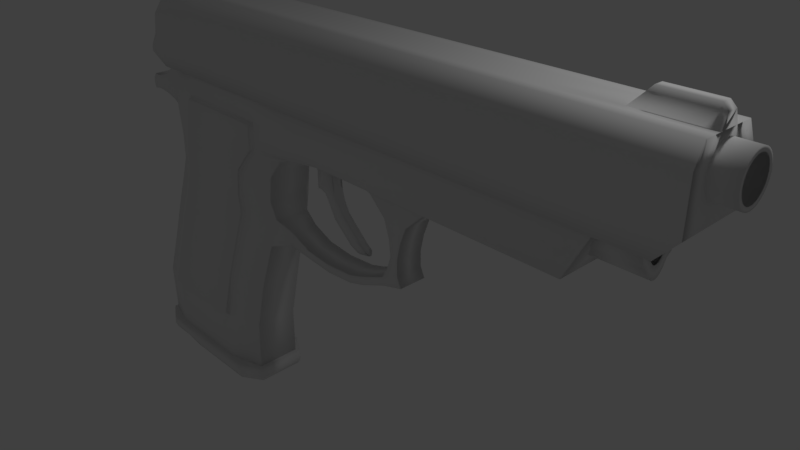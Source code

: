# Source: Pistol.blend  (saved by Blender 2.79.0; exported with 4.5.12 LTS)
import bpy
from mathutils import Matrix  # noqa: F401  (used for matrix-valued properties, if any)

bpy.ops.wm.read_factory_settings(use_empty=True)
scene = bpy.context.scene
scene.name = 'Scene'

# ---- collections
col_collection_1 = bpy.data.collections.new('Collection 1'); scene.collection.children.link(col_collection_1)

# ---- materials (node trees are filled in below, after node groups)
mat_material = bpy.data.materials.new('Material')
mat_material.alpha_threshold = 0.0
mat_material.use_transparent_shadow = False
mat_material.roughness = 0.5
mat_material.line_color = (0.0, 0.0, 0.0, 1.0)

# ---- material node trees

# ---- world
world_world = bpy.data.worlds.new('World'); scene.world = world_world
world_world.color = (0.05088, 0.05088, 0.05088)
world_world.use_sun_shadow = False
world_world.sun_shadow_jitter_overblur = 0.0
world_world.cycles.sampling_method = 'MANUAL'

# ---- cameras
cam_camera = bpy.data.cameras.new('Camera')
cam_camera.clip_end = 100.0
cam_camera.lens = 35.0
cam_camera.sensor_width = 32.0
cam_camera.sensor_height = 18.0
cam_camera.ortho_scale = 7.314
cam_camera.dof.focus_distance = 0.0
cam_camera.dof.aperture_fstop = 128.0

# ---- lights
light_lamp = bpy.data.lights.new('Lamp', 'POINT')
light_lamp.transmission_factor = 0.0
light_lamp.cutoff_distance = 30.0
light_lamp.energy = 100.0
light_lamp.shadow_buffer_clip_start = 1.001
light_lamp.shadow_soft_size = 0.1
light_lamp.shadow_maximum_resolution = 0.006
light_lamp.use_absolute_resolution = True

# ---- meshes
me_cube_002 = bpy.data.meshes.new('Cube.002')
me_cube_002.from_pydata([(-0.2501, -0.2815, 3.297), (-0.2501, 0.2389, 3.297), (1.565, -0.2815, 3.297), (1.565, 0.2389, 3.297), (-1.035, -0.2815, 2.694e-05), (-1.035, 0.2389, 2.694e-05), (0.7777, 0.2366, 0.01907), (0.7769, -0.2837, 0.01099), (-1.388, 0.344, -0.188), (-1.388, -0.3866, -0.188), (-1.425, 0.3547, 2.694e-05), (1.138, 0.3201, -0.2247), (1.168, 0.3257, 0.02134), (1.137, -0.3603, -0.2341), (1.167, -0.3746, 0.01171), (-1.425, -0.3974, 2.694e-05), (-0.02322, 0.2389, 3.297), (0.2036, 0.2389, 3.297), (0.4305, 0.2389, 3.297), (0.6573, 0.2389, 3.297), (0.8842, 0.2389, 3.297), (1.111, 0.2389, 3.297), (1.338, 0.2389, 3.297), (1.338, -0.2815, 3.297), (1.111, -0.2815, 3.297), (0.8842, -0.2815, 3.297), (0.6573, -0.2815, 3.297), (0.4305, -0.2815, 3.297), (0.2036, -0.2815, 3.297), (-0.02322, -0.2815, 3.297), (0.5499, -0.2834, 0.009965), (0.3229, -0.283, 0.008941), (0.09587, -0.2827, 0.007918), (-0.1311, -0.2823, 0.006894), (-0.3581, -0.2819, 0.00587), (-0.5813, -0.2815, 2.694e-05), (-0.8082, -0.2815, 2.694e-05), (-0.8082, 0.2389, 2.694e-05), (-0.5813, 0.2389, 2.694e-05), (-0.3574, 0.2384, 0.01395), (-0.1304, 0.238, 0.01497), (0.09664, 0.2377, 0.016), (0.3237, 0.2373, 0.01702), (0.5507, 0.237, 0.01804), (0.8231, 0.5172, -0.2234), (0.5078, 0.5178, -0.2247), (0.1925, 0.5183, -0.2261), (-0.1228, 0.5188, -0.2275), (-0.4381, 0.5193, -0.2288), (-0.7578, 0.5156, -0.188), (-1.073, 0.5156, -0.188), (-1.073, -0.5582, -0.188), (-0.7578, -0.5582, -0.188), (-0.4396, -0.5542, -0.2436), (-0.1243, -0.5548, -0.2422), (0.191, -0.5553, -0.2408), (0.5063, -0.5558, -0.2395), (0.8216, -0.5564, -0.2381), (0.842, -0.5765, 0.007534), (0.5175, -0.5759, 0.006136), (0.1929, -0.5754, 0.004739), (-0.1317, -0.5748, 0.003341), (-0.4563, -0.5743, 0.001943), (-0.7763, -0.5739, 2.694e-05), (-1.101, -0.5739, 2.694e-05), (-1.101, 0.5313, 2.694e-05), (-0.7763, 0.5313, 2.694e-05), (-0.4547, 0.5308, 0.01713), (-0.1302, 0.5303, 0.01853), (0.1944, 0.5297, 0.01992), (0.519, 0.5292, 0.02132), (0.8435, 0.5287, 0.02272), (-1.445, 0.3605, -0.1154), (1.192, 0.3337, -0.1293), (1.191, -0.3774, -0.1391), (-1.445, -0.4031, -0.1154), (-1.116, 0.5399, -0.1154), (-0.7863, 0.5399, -0.1154), (-0.4552, 0.542, -0.1336), (-0.1256, 0.5414, -0.1322), (0.204, 0.5409, -0.1308), (0.5335, 0.5403, -0.1293), (0.8631, 0.5398, -0.1279), (0.8616, -0.5824, -0.1433), (0.532, -0.5818, -0.1448), (0.2024, -0.5813, -0.1462), (-0.1272, -0.5807, -0.1476), (-0.4567, -0.5802, -0.149), (-0.7863, -0.5825, -0.1154), (-1.116, -0.5825, -0.1154), (-0.9455, -0.2815, 0.376), (-0.9455, 0.2389, 0.376), (0.8693, 0.2389, 0.376), (0.8693, -0.2815, 0.376), (0.6425, -0.2815, 0.376), (0.4156, -0.2815, 0.376), (0.1888, -0.2815, 0.376), (-0.0381, -0.2815, 0.376), (-0.265, -0.2815, 0.376), (-0.4918, -0.2815, 0.376), (-0.7187, -0.2815, 0.376), (-0.7187, 0.2389, 0.376), (-0.4918, 0.2389, 0.376), (-0.265, 0.2389, 0.376), (-0.0381, 0.2389, 0.376), (0.1888, 0.2389, 0.376), (0.4156, 0.2389, 0.376), (0.6425, 0.2389, 0.376), (-0.3584, -0.2815, 2.842), (-0.3584, 0.2389, 2.842), (1.456, 0.2389, 2.842), (1.456, -0.2815, 2.842), (1.23, -0.2815, 2.842), (1.003, -0.2815, 2.842), (0.7758, -0.2815, 2.842), (0.549, -0.2815, 2.842), (0.3221, -0.2815, 2.842), (0.09526, -0.2815, 2.842), (-0.1316, -0.2815, 2.842), (-0.1316, 0.2389, 2.842), (0.09526, 0.2389, 2.842), (0.3221, 0.2389, 2.842), (0.549, 0.2389, 2.842), (0.7758, 0.2389, 2.842), (1.003, 0.2389, 2.842), (1.23, 0.2389, 2.842), (-0.04974, -0.224, 3.297), (-0.04974, 0.1815, 3.297), (1.188, 0.1815, 3.297), (1.364, 0.1815, 3.297), (1.364, -0.224, 3.297), (0.127, -0.224, 3.297), (0.127, 0.1815, 3.297), (0.3038, 0.1815, 3.297), (0.4806, 0.1815, 3.297), (0.6573, 0.1815, 3.297), (0.8341, 0.1815, 3.297), (1.011, 0.1815, 3.297), (1.188, -0.224, 3.297), (1.011, -0.224, 3.297), (0.8341, -0.224, 3.297), (0.6573, -0.224, 3.297), (0.4806, -0.224, 3.297), (0.3038, -0.224, 3.297)], [], [(108, 0, 1, 109), (125, 22, 3, 110), (110, 3, 2, 111), (118, 29, 0, 108), (27, 26, 141, 142), (36, 4, 15, 64), (43, 6, 12, 71), (6, 7, 14, 12), (4, 5, 10, 15), (44, 11, 13, 57), (89, 64, 15, 75), (73, 12, 14, 74), (82, 71, 12, 73), (75, 15, 10, 72), (72, 10, 65, 76), (76, 65, 66, 77), (77, 66, 67, 78), (78, 67, 68, 79), (79, 68, 69, 80), (80, 69, 70, 81), (81, 70, 71, 82), (74, 14, 58, 83), (83, 58, 59, 84), (84, 59, 60, 85), (85, 60, 61, 86), (86, 61, 62, 87), (87, 62, 63, 88), (88, 63, 64, 89), (8, 50, 51, 9), (50, 49, 52, 51), (49, 48, 53, 52), (48, 47, 54, 53), (47, 46, 55, 54), (46, 45, 56, 55), (45, 44, 57, 56), (5, 37, 65, 10), (37, 38, 66, 65), (38, 39, 67, 66), (39, 40, 68, 67), (40, 41, 69, 68), (41, 42, 70, 69), (42, 43, 71, 70), (7, 30, 58, 14), (30, 31, 59, 58), (31, 32, 60, 59), (32, 33, 61, 60), (33, 34, 62, 61), (34, 35, 63, 62), (35, 36, 64, 63), (19, 18, 134, 135), (1, 0, 126, 127), (26, 25, 140, 141), (18, 17, 133, 134), (25, 24, 139, 140), (0, 29, 131, 126), (17, 16, 132, 133), (111, 2, 23, 112), (112, 23, 24, 113), (113, 24, 25, 114), (114, 25, 26, 115), (115, 26, 27, 116), (116, 27, 28, 117), (117, 28, 29, 118), (109, 1, 16, 119), (119, 16, 17, 120), (120, 17, 18, 121), (121, 18, 19, 122), (122, 19, 20, 123), (123, 20, 21, 124), (124, 21, 22, 125), (52, 88, 89, 51), (53, 87, 88, 52), (54, 86, 87, 53), (55, 85, 86, 54), (56, 84, 85, 55), (57, 83, 84, 56), (13, 74, 83, 57), (45, 81, 82, 44), (46, 80, 81, 45), (47, 79, 80, 46), (48, 78, 79, 47), (49, 77, 78, 48), (50, 76, 77, 49), (8, 72, 76, 50), (9, 75, 72, 8), (44, 82, 73, 11), (11, 73, 74, 13), (51, 89, 75, 9), (42, 106, 107, 43), (41, 105, 106, 42), (40, 104, 105, 41), (39, 103, 104, 40), (38, 102, 103, 39), (37, 101, 102, 38), (5, 91, 101, 37), (35, 99, 100, 36), (34, 98, 99, 35), (33, 97, 98, 34), (32, 96, 97, 33), (31, 95, 96, 32), (30, 94, 95, 31), (7, 93, 94, 30), (36, 100, 90, 4), (6, 92, 93, 7), (43, 107, 92, 6), (4, 90, 91, 5), (106, 124, 125, 107), (103, 121, 122, 104), (91, 109, 119, 101), (97, 115, 116, 98), (94, 112, 113, 95), (93, 111, 112, 94), (100, 118, 108, 90), (92, 110, 111, 93), (107, 125, 110, 92), (90, 108, 109, 91), (3, 22, 128, 129), (20, 19, 135, 136), (28, 27, 142, 143), (21, 20, 136, 137), (29, 28, 143, 131), (2, 3, 129, 130), (22, 21, 137, 128), (23, 2, 130, 138), (16, 1, 127, 132), (24, 23, 138, 139)])
me_cube_002.polygons.foreach_set('use_smooth', [True] * 126)
me_cube_002.use_remesh_preserve_volume = False
me_cube_002.use_remesh_preserve_attributes = False
me_cube_002.use_mirror_vertex_groups = False
me_cube_002.update()
me_cube_001 = bpy.data.meshes.new('Cube.001')
me_cube_001.from_pydata([(-2.013, -1.001, -1.697), (-3.059, -0.9962, 1.246), (-2.01, 0.9989, -1.694), (-3.055, 1.004, 1.248), (4.033, -0.8322, -4.969), (0.818, -0.9983, 1.061), (4.036, 0.8144, -4.967), (0.8214, 1.002, 1.063), (-1.954, -1.0, -1.245), (-1.894, -0.9998, -0.7936), (-1.834, -0.9992, -0.3421), (-3.119, -0.9969, 0.7942), (-3.115, 1.003, 0.7967), (-1.831, 1.001, -0.3396), (-1.891, 1.0, -0.7911), (-1.95, 0.9995, -1.243), (0.6069, 0.821, -1.642), (0.715, 0.8204, -2.008), (0.823, 0.8198, -2.373), (3.6, 0.815, -4.72), (0.6042, -0.8256, -1.644), (0.7123, -0.8262, -2.01), (0.8203, -0.8268, -2.375), (3.598, -0.8316, -4.722), (-0.4014, 0.8201, -2.581), (-0.8699, 0.8212, -1.962), (-0.8245, 1.003, 1.156), (0.02104, 1.002, 1.122), (-0.8726, -0.8254, -1.964), (-0.4041, -0.8265, -2.583), (0.01772, -0.9978, 1.119), (-0.8278, -0.9974, 1.153), (0.4212, 1.002, 1.092), (0.396, -0.8285, -3.62), (0.3987, 0.8181, -3.618), (0.4179, -0.9981, 1.09), (-1.669, 0.9988, -1.641), (-1.943, -0.9968, 1.2), (-1.94, 1.003, 1.202), (-1.672, -1.001, -1.644), (0.6213, 1.002, 1.078), (2.913, -0.8319, -5.118), (2.916, 0.8147, -5.116), (0.618, -0.9982, 1.075), (-1.924, -1.0, -1.019), (-1.92, 0.9999, -1.017), (1.447, 0.8182, -3.22), (1.444, -0.8283, -3.222), (-2.243, 0.599, -1.684), (-2.472, 0.2175, -1.605), (-2.484, -0.1824, -1.603), (-2.245, -0.601, -1.685), (-3.481, -0.596, 1.266), (-3.657, -0.149, 1.399), (-3.645, 0.2509, 1.396), (-3.479, 0.604, 1.268), (5.329, -0.6101, -5.377), (5.624, -0.2888, -5.597), (5.636, 0.1111, -5.599), (5.331, 0.5899, -5.376), (0.917, 0.6017, 1.058), (1.185, 0.2024, 1.012), (1.173, -0.1976, 1.015), (0.915, -0.5983, 1.057), (4.727, 0.5906, -5.072), (4.99, 0.1197, -5.271), (4.978, -0.2803, -5.269), (4.725, -0.6094, -5.074), (0.854, 0.5968, -2.198), (0.9072, 0.1808, -2.243), (0.8952, -0.2191, -2.241), (0.852, -0.6032, -2.2), (0.6975, 0.5975, -1.753), (0.7633, 0.1855, -1.791), (0.7513, -0.2144, -1.789), (0.6955, -0.6025, -1.755), (0.541, 0.5983, -1.308), (0.6194, 0.1903, -1.339), (0.6073, -0.2097, -1.337), (0.539, -0.6017, -1.309), (-2.185, -0.6004, -1.234), (-2.389, -0.18, -1.153), (-2.377, 0.22, -1.156), (-2.183, 0.5997, -1.232), (-2.125, -0.5997, -0.7821), (-2.294, -0.1775, -0.7041), (-2.282, 0.2224, -0.7066), (-2.123, 0.6003, -0.7806), (-2.065, -0.5991, -0.3306), (-2.199, -0.1751, -0.2548), (-2.187, 0.2249, -0.2573), (-2.063, 0.601, -0.3291), (-3.54, -0.5966, 0.8149), (-3.752, -0.1514, 0.9495), (-3.74, 0.2485, 0.9471), (-3.538, 0.6034, 0.8164), (0.009229, 0.6022, 1.122), (0.189, 0.2125, 1.112), (0.177, -0.1874, 1.114), (0.007239, -0.5978, 1.12), (-0.9494, 0.6027, 1.161), (-0.8647, 0.2231, 1.189), (-0.8767, -0.1768, 1.192), (-0.9514, -0.5973, 1.16), (-1.485, 0.5986, -1.685), (-1.637, 0.2094, -1.637), (-1.649, -0.1905, -1.634), (-1.487, -0.6014, -1.687), (-0.8266, 0.5972, -2.441), (-0.96, 0.1972, -2.419), (-0.972, -0.2028, -2.416), (-0.8286, -0.6028, -2.442), (0.4631, 0.6019, 1.09), (0.6871, 0.2075, 1.062), (0.6751, -0.1925, 1.064), (0.4611, -0.5981, 1.088), (0.2967, 0.5948, -3.708), (0.1966, 0.1765, -3.731), (0.1846, -0.2235, -3.728), (0.2947, -0.6053, -3.709), (-1.857, 0.5989, -1.633), (-2.043, 0.2137, -1.57), (-2.055, -0.1862, -1.567), (-1.859, -0.6011, -1.635), (-2.214, 0.6034, 1.215), (-2.255, 0.237, 1.293), (-2.267, -0.1629, 1.295), (-2.216, -0.5966, 1.213), (0.6901, 0.6018, 1.074), (0.9361, 0.2049, 1.037), (0.9241, -0.195, 1.039), (0.6881, -0.5982, 1.072), (3.793, 0.5903, -5.549), (3.931, 0.1264, -5.711), (3.919, -0.2735, -5.709), (3.791, -0.6097, -5.551), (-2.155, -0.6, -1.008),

****************

Of all the entries above, repeat only the lines from the line that has "cam_camera.dof.aperture_fstop = 128.0" to the line that has "me_cube_002 = bpy.data.meshes.new('Cube.002')", both lines included, exactly.

Response box:
cam_camera.dof.aperture_fstop = 128.0

# ---- lights
light_lamp = bpy.data.lights.new('Lamp', 'POINT')
light_lamp.transmission_factor = 0.0
light_lamp.cutoff_distance = 30.0
light_lamp.energy = 100.0
light_lamp.shadow_buffer_clip_start = 1.001
light_lamp.shadow_soft_size = 0.1
light_lamp.shadow_maximum_resolution = 0.006
light_lamp.use_absolute_resolution = True

# ---- meshes
me_cube_002 = bpy.data.meshes.new('Cube.002')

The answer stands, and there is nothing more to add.